Today on the download site an interesting document on IE Security.... truly that is not an oxymoron and there's good stuff to come in IE7.

Incidents.org reports 0-Day.. Rover says... what 0-Day?

So over on Incidents.org they are reporting a new 'zero day' IE vulnerability......

Yesterday, FrSIRT (aka K-otik) released a working 0-day exploit against a .Net component with is accessible remotely via Microsoft Internet Explorer.

Impact

The exploit will open a remote shell if you visit a malicious website. Other payloads are possible. The exploit will have all the privileges assigned to the user running Internet Explorer. We do not see any use of the exploit at this time, but consider widespread use imminent.

Am I Vulnerable ?

You are only vulnerable if you have "msdds.dll" installed on your system. By default, Windows will not install this DLL. See below for details. The DLL can be found in Program Files\Common Files\MicrosoftShared\MSDesigners7

The vulnerable version is: 7.0.9064.9112 . Later versions are not vulnerable (in particular 7.10.x)

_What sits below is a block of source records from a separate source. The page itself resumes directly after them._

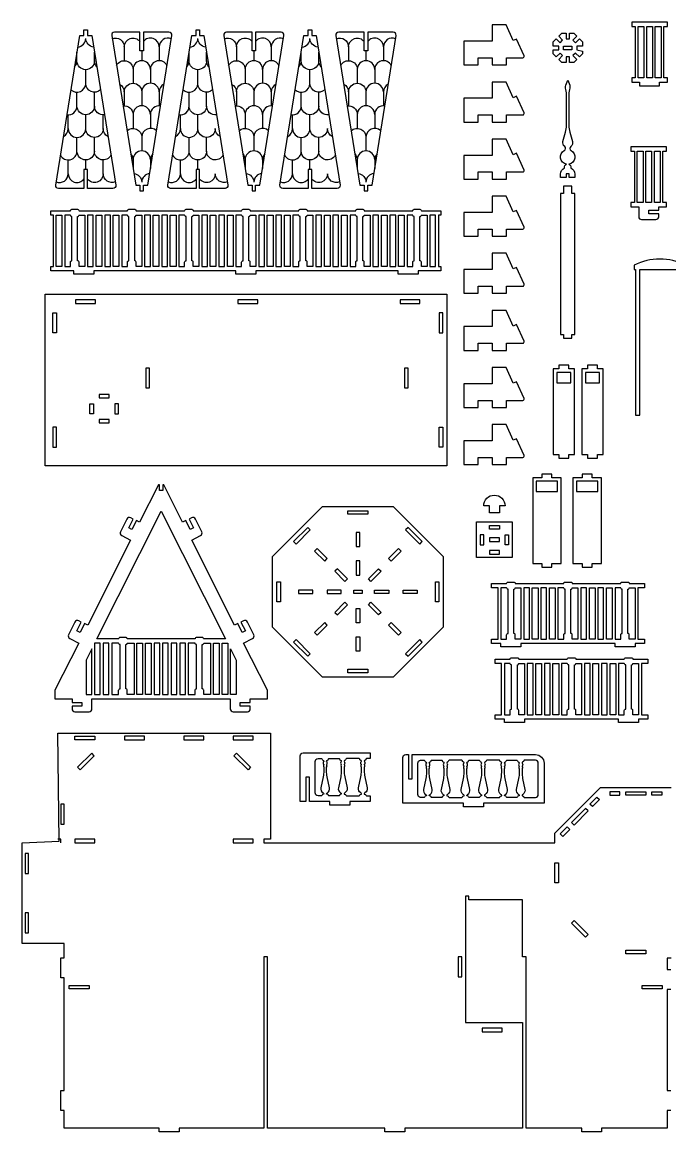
# Model space of a CAD drawing. Extents: x -4552 to 3750, y -5417 to 1843.
# Drawn here: x -4497 to -2318, y -1893 to 1839 of the extents above; entities that cross this region are included whole.
import ezdxf

# ---------------------------------------------------------------- set-up
doc = ezdxf.new("R2010")
doc.units = 0
doc.header["$MEASUREMENT"] = 0
doc.layers.add('LAYER1', color=18, linetype='CONTINUOUS')

msp = doc.modelspace()

# ---------------------------------------------------------------- linework, layer by layer
at = {"layer": 'LAYER1'}
for points in [[(-3011.3, 1774.7), (-3011.3, 1694.7), (-2963.3, 1694.7), (-2963.3, 1718.7), (-2915.3, 1718.7), (-2915.3, 1694.7), (-2867.3, 1694.7), (-2867.3, 1718.7), (-2812.9, 1718.7, 0.543691), (-2808.5, 1725.4), (-2833.6, 1781.5), (-2844.6, 1776.6), (-2868.1, 1829.2), (-2915.3, 1829.2), (-2915.3, 1774.7)], [(-4303.8, 1794.1), (-4289.5, 1794.1), (-4289.5, 1812.6), (-4277.5, 1812.6), (-4277.5, 1794.1), (-4263.2, 1794.1), (-4182.4, 1290.3, -0.464243), (-4191.9, 1279.1), (-4277.5, 1279.1), (-4277.5, 1342.6), (-4289.5, 1342.6), (-4289.5, 1279.1), (-4375.1, 1279.1, -0.464243), (-4384.6, 1290.3)], [(-4115.4, 1290.3), (-4101.1, 1290.3), (-4101.1, 1271.8), (-4089.1, 1271.8), (-4089.1, 1290.3), (-4074.7, 1290.3), (-3994, 1794.1, 0.464243), (-4003.4, 1805.3), (-4089.1, 1805.3), (-4089.1, 1741.8), (-4101.1, 1741.8), (-4101.1, 1805.3), (-4186.7, 1805.3, 0.464243), (-4196.1, 1794.1)], [(-3926.5, 1794.1), (-3912.2, 1794.1), (-3912.2, 1812.6), (-3900.2, 1812.6), (-3900.2, 1794.1), (-3885.8, 1794.1), (-3805.1, 1290.3, -0.464243), (-3814.5, 1279.1), (-3900.2, 1279.1), (-3900.2, 1342.6), (-3912.2, 1342.6), (-3912.2, 1279.1), (-3997.8, 1279.1, -0.464243), (-4007.2, 1290.3)], [(-3738, 1290.3), (-3723.7, 1290.3), (-3723.7, 1271.8), (-3711.7, 1271.8), (-3711.7, 1290.3), (-3697.4, 1290.3), (-3616.6, 1794.1, 0.464243), (-3626.1, 1805.3), (-3711.7, 1805.3), (-3711.7, 1741.8), (-3723.7, 1741.8), (-3723.7, 1805.3), (-3809.3, 1805.3, 0.464243), (-3818.8, 1794.1)], [(-3549.1, 1794.1), (-3534.8, 1794.1), (-3534.8, 1812.6), (-3522.8, 1812.6), (-3522.8, 1794.1), (-3508.5, 1794.1), (-3427.7, 1290.3, -0.464243), (-3437.2, 1279.1), (-3522.8, 1279.1), (-3522.8, 1342.6), (-3534.8, 1342.6), (-3534.8, 1279.1), (-3620.4, 1279.1, -0.464243), (-3629.9, 1290.3)], [(-3360.7, 1290.3), (-3346.4, 1290.3), (-3346.4, 1271.8), (-3334.4, 1271.8), (-3334.4, 1290.3), (-3320, 1290.3), (-3239.3, 1794.1, 0.464243), (-3248.8, 1805.3), (-3334.4, 1805.3), (-3334.4, 1741.8), (-3346.4, 1741.8), (-3346.4, 1805.3), (-3432, 1805.3, 0.464243), (-3441.5, 1794.1)], [(-2650.1, 1406.9, -0.718799), (-2657.5, 1361.2, -0.374013), (-2650.9, 1348.5, -0.284044), (-2637.7, 1327.2), (-2637.7, 1316), (-2656.6, 1316), (-2656.6, 1328), (-2666.5, 1328), (-2666.5, 1316), (-2685.4, 1316), (-2685.4, 1327.2, -0.284044), (-2672.2, 1348.5, -0.374013), (-2665.5, 1361.2, -0.718799), (-2672.9, 1406.9, 0.544401), (-2671.7, 1420.2, -0.306065), (-2677.5, 1437.8), (-2668.6, 1468.7, 0.070039), (-2665.5, 1490.7), (-2665.5, 1594.8, 0.071071), (-2668.7, 1617.1, -0.166187), (-2668.2, 1626.5), (-2661.5, 1643.6), (-2654.8, 1626.5, -0.166187), (-2654.4, 1617.1, 0.071071), (-2657.5, 1594.8), (-2657.5, 1490.7, 0.070039), (-2654.5, 1468.7), (-2645.6, 1437.8, -0.306065), (-2651.3, 1420.2, 0.544401)], [(-3011.3, 1582.7), (-3011.3, 1502.7), (-2963.3, 1502.7), (-2963.3, 1526.7), (-2915.3, 1526.7), (-2915.3, 1502.7), (-2867.3, 1502.7), (-2867.3, 1526.7), (-2812.9, 1526.7, 0.543691), (-2808.5, 1533.4), (-2833.6, 1589.5), (-2844.6, 1584.6), (-2868.1, 1637.2), (-2915.3, 1637.2), (-2915.3, 1582.7)], [(-3011.3, 1390.7), (-3011.3, 1310.7), (-2963.3, 1310.7), (-2963.3, 1334.7), (-2915.3, 1334.7), (-2915.3, 1310.7), (-2867.3, 1310.7), (-2867.3, 1334.7), (-2812.9, 1334.7, 0.543691), (-2808.5, 1341.4), (-2833.6, 1397.5), (-2844.6, 1392.6), (-2868.1, 1445.2), (-2915.3, 1445.2), (-2915.3, 1390.7)], [(-2422.4, 1184.4, 0.414214), (-2412.8, 1174.8), (-2364.8, 1174.8, 0.414214), (-2355.2, 1184.4), (-2355.2, 1194), (-2388.8, 1194), (-2388.8, 1206), (-2355.2, 1206), (-2355.2, 1218), (-2328.8, 1218), (-2328.8, 1232.4), (-2340.8, 1232.4), (-2340.8, 1405.2), (-2328.8, 1405.2), (-2328.8, 1419.6), (-2448.8, 1419.6), (-2448.8, 1405.2), (-2436.8, 1405.2), (-2436.8, 1232.4), (-2448.8, 1232.4), (-2448.8, 1218), (-2422.4, 1218)], [(-3011.3, 1198.7), (-3011.3, 1118.7), (-2963.3, 1118.7), (-2963.3, 1142.7), (-2915.3, 1142.7), (-2915.3, 1118.7), (-2867.3, 1118.7), (-2867.3, 1142.7), (-2812.9, 1142.7, 0.543691), (-2808.5, 1149.4), (-2833.6, 1205.5), (-2844.6, 1200.6), (-2868.1, 1253.2), (-2915.3, 1253.2), (-2915.3, 1198.7)], [(-3088.2, 1002.8), (-3165, 1002.8), (-3165, 990.8), (-3232.2, 990.8), (-3232.2, 1002.8), (-3710.8, 1002.8), (-3710.8, 990.8), (-3778, 990.8), (-3778, 1002.8), (-4256.7, 1002.8), (-4256.7, 990.8), (-4323.9, 990.8), (-4323.9, 1002.8), (-4400.7, 1002.8), (-4400.7, 1017.2), (-4392.4, 1017.2), (-4392.4, 1190), (-4400.7, 1190), (-4400.7, 1204.4), (-4334.8, 1204.4, -0.414214), (-4330, 1209.2), (-4310.8, 1209.2, -0.414214), (-4306, 1204.4), (-4142.8, 1204.4, -0.414214), (-4138, 1209.2), (-4118.8, 1209.2, -0.414214), (-4114, 1204.4), (-3950.8, 1204.4, -0.414214), (-3946, 1209.2), (-3926.8, 1209.2, -0.414214), (-3922, 1204.4), (-3758.8, 1204.4, -0.414214), (-3754, 1209.2), (-3734.8, 1209.2, -0.414214), (-3730, 1204.4), (-3566.8, 1204.4, -0.414214), (-3562, 1209.2), (-3542.8, 1209.2, -0.414214), (-3538, 1204.4), (-3374.8, 1204.4, -0.414214), (-3370, 1209.2), (-3350.8, 1209.2, -0.414214), (-3346, 1204.4), (-3182.8, 1204.4, -0.414214), (-3178, 1209.2), (-3158.8, 1209.2, -0.414214), (-3154, 1204.4), (-3088.2, 1204.4), (-3088.2, 1190), (-3096.4, 1190), (-3096.4, 1017.2), (-3088.2, 1017.2)], [(-4330, 1036.4), (-4330, 1185.2, -0.414214), (-4334.8, 1190), (-4354, 1190), (-4354, 1017.2), (-4334.8, 1017.2), (-4334.8, 1031.6, -0.414214)], [(-4310.8, 1036.4), (-4310.8, 1185.2, 0.414214), (-4306, 1190), (-4286.8, 1190), (-4286.8, 1017.2), (-4306, 1017.2), (-4306, 1031.6, 0.414214)], [(-4142.8, 1017.2), (-4142.8, 1031.6, -0.414214), (-4138, 1036.4), (-4138, 1185.2, -0.414214), (-4142.8, 1190), (-4162, 1190), (-4162, 1017.2)], [(-4114, 1017.2), (-4114, 1031.6, 0.414214), (-4118.8, 1036.4), (-4118.8, 1185.2, 0.414214), (-4114, 1190), (-4094.8, 1190), (-4094.8, 1017.2)], [(-3946, 1036.4), (-3946, 1185.2, -0.414214), (-3950.8, 1190), (-3970, 1190), (-3970, 1017.2), (-3950.8, 1017.2), (-3950.8, 1031.6, -0.414214)], [(-3926.8, 1036.4), (-3926.8, 1185.2, 0.414214), (-3922, 1190), (-3902.8, 1190), (-3902.8, 1017.2), (-3922, 1017.2), (-3922, 1031.6, 0.414214)], [(-3758.8, 1017.2), (-3758.8, 1031.6, -0.414214), (-3754, 1036.4), (-3754, 1185.2, -0.414214), (-3758.8, 1190), (-3778, 1190), (-3778, 1017.2)], [(-3730, 1017.2), (-3730, 1031.6, 0.414214), (-3734.8, 1036.4), (-3734.8, 1185.2, 0.414214), (-3730, 1190), (-3710.8, 1190), (-3710.8, 1017.2)], [(-3562, 1036.4), (-3562, 1185.2, -0.414214), (-3566.8, 1190), (-3586, 1190), (-3586, 1017.2), (-3566.8, 1017.2), (-3566.8, 1031.6, -0.414214)], [(-3538, 1017.2), (-3538, 1031.6, 0.414214), (-3542.8, 1036.4), (-3542.8, 1185.2, 0.414214), (-3538, 1190), (-3518.8, 1190), (-3518.8, 1017.2)], [(-3370, 1036.4), (-3370, 1185.2, -0.414214), (-3374.8, 1190), (-3394, 1190), (-3394, 1017.2), (-3374.8, 1017.2), (-3374.8, 1031.6, -0.414214)], [(-3346, 1017.2), (-3346, 1031.6, 0.414214), (-3350.8, 1036.4), (-3350.8, 1185.2, 0.414214), (-3346, 1190), (-3326.8, 1190), (-3326.8, 1017.2)], [(-3178, 1036.4), (-3178, 1185.2, -0.414214), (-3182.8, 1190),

 So I fired up ol' trusty Rover and on my XP sp2, with Office 2003 with Access 2000 runtime... and Rover says my version is 7.00.9466.  hmmm... let's see... 7.00.9466 versus 7.0.9064.. I think I'm just fine.

Do we see an interesting pattern to all these latest 'stuff' going on the web?  Do you see how being fully borg means that the issues are less, I'm not running screaming to the server, nor to the workstations.

Patching is easier... I'm more secure... the bad things have to work a heck of a lot harder to get me, they would have to use authentication methods that are harder to attack on... see what is going on here? 

I rant about Windows NT being dead... personally... I think Windows 2000 is on major life support and someone should pull the plug.  It's a 5 year old operating system that businesses just should not be deploying today.  Not in this environment.